= Hermann Wilbrand =

German ophthalmologist (1851–1935)

Hermann Wilbrand (22 May 1851 - 17 September 1935) was a German ophthalmologist born in Giessen.

Wilbrand was born in Giessen, Germany to Albertine Knapp and Franz Joseph Julius Wilbrand, a forensic physician. His older brother Julius Wilbrand was a chemist who discovered TNT and his grandfather was physician.

In 1875, he earned his doctorate at the University of Strassburg, and afterwards was an assistant to Ludwig Laqueur (1839-1909) at Strassburg and to Carl Friedrich Richard Förster (1825-1902) at Breslau. Later he moved to Hamburg, where he became head of the department of ophthalmology at Allgemeines Hospital in 1905.

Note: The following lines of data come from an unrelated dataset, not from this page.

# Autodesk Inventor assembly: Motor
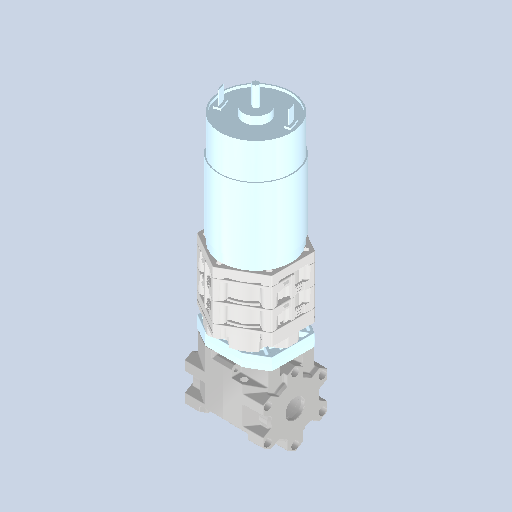
[picture p0: Inventor's stored thumbnail of the model, 512x512]
Saved by Autodesk Inventor 2022.1 (Build 261234020, 234B)
## iProperties
Created: 2022-10-19
Part Number: Motor
Document SubType Name: Assembly
Designer: Alexander
Author: Alexander
## Documents named in this file (8)
- C:\Users\Alexander\Desktop\upload\Octobot\Motor.iam
- C:\Users\Alexander\Desktop\upload\Octobot\Parts\Gearbox1.ipt
- C:\Users\Alexander\Desktop\upload\Octobot\Parts\Gearbox2.ipt
- C:\Users\Alexander\Desktop\upload\Octobot\Parts\Gearbox3.ipt
- C:\Users\Alexander\Desktop\upload\Octobot\Parts\REV-41-1615.ipt
- C:\Users\Alexander\Desktop\upload\Octobot\Parts\REV-41-1607.ipt
- C:\Users\Alexander\Desktop\upload\Octobot\Parts\Motor.ipt
- C:\Users\Alexander\Desktop\upload\Octobot\Parts\REV-41-1601.ipt
## Components (8 placed, 7 different names)
1. REV-41-1601:3 — Mate:8, Mate:9, Mate:10, Mate:11, Mate:12, Mate:13
2. REV-41-1601:4 — Mate:5, Mate:6, Mate:7, Mate:8, Mate:9, Mate:10
3. Gearbox1:1 — Mate:1, Flush:1, Mate:3
4. Gearbox2:1 — Mate:1, Flush:1, Mate:2, Mate:3, Mate:4, Rigid:1
5. Gearbox3:1 — Mate:2, Mate:4
6. REV-41-1615:1 — Rigid:1, Mate:5, Mate:6, Mate:7
7. REV-41-1607:1 — Mate:11, Mate:12, Mate:13, Mate:14, Mate:15
8. Motor:1 — Mate:14, Mate:15
## Relationships (17: Mate 15, Flush 1, WeldJoint 1)
- Mate:1: Gearbox1:1 ↔ Gearbox2:1
- Flush:1: Gearbox1:1 ↔ Gearbox2:1
- Mate:2: Gearbox2:1 ↔ Gearbox3:1
- Mate:3: Gearbox1:1 ↔ Gearbox2:1
- Mate:4: Gearbox2:1 ↔ Gearbox3:1
- Rigid:1 [WeldJoint]: Gearbox2:1 ↔ REV-41-1615:1
- Mate:5: REV-41-1601:4 ↔ REV-41-1615:1
- Mate:6: REV-41-1601:4 ↔ REV-41-1615:1
- Mate:7: REV-41-1601:4 ↔ REV-41-1615:1
- Mate:8: REV-41-1601:3 ↔ REV-41-1601:4
- Mate:9: REV-41-1601:3 ↔ REV-41-1601:4
- Mate:10: REV-41-1601:3 ↔ REV-41-1601:4
- Mate:11: REV-41-1601:3 ↔ REV-41-1607:1
- Mate:12: REV-41-1601:3 ↔ REV-41-1607:1
- Mate:13: REV-41-1601:3 ↔ REV-41-1607:1
- Mate:14: REV-41-1607:1 ↔ Motor:1
- Mate:15: REV-41-1607:1 ↔ Motor:1

Wilbrand specialized in the field of neuro-ophthalmology and carried out extensive research involving the pathology and physiology of the eye. He demonstrated that homonymous hemianopsia was caused by lesions in the occipital lobe and optic radiation as well as the optic tract.

== Associated eponyms ==
- Wilbrand's knee: A group of extramacular ganglion cell axons that extend forward into the posterior optic nerve.
- Charcot-Wilbrand syndrome: Syndrome involving visual agnosia and the inability to re-visualize images. Condition due to occlusion of the posterior cerebral artery of the dominant hemisphere. Named with French neurologist Jean-Martin Charcot (1825-1893).

== Written works ==
- Die hemianopischen Gesichtsfeldformen und das optische Wahrnehmungscentrum. Wiesbaden, 1890.
- Über Sehstörungen bei funktionellen Nervenleiden. with Alfred Saenger (1860-1921) Leipzig, 1892.
- Die Erhohlungsausdehnung des Gesichtsfeldes. Wiesbaden, (1896).
- Über die Augenerkrankungen in der Frühperiode der Syphilis. with Staelin. Hamburg and Leipzig, 1897.
- Die Neurologie des Auges: ein Handbuch für Nerven- und Augenärtze. (with Alfred Saenger; 9 volumes). Wiesbaden, 1900-1922.
- Die Theorie des Sehens. with Carl Behr (1876-1943) (supplementary volume, 1927), Wiesbaden, 1913.
- Der Faservelauf durch das Chiasma und die intrakraniellen Sehnerven. Berlin, 1929.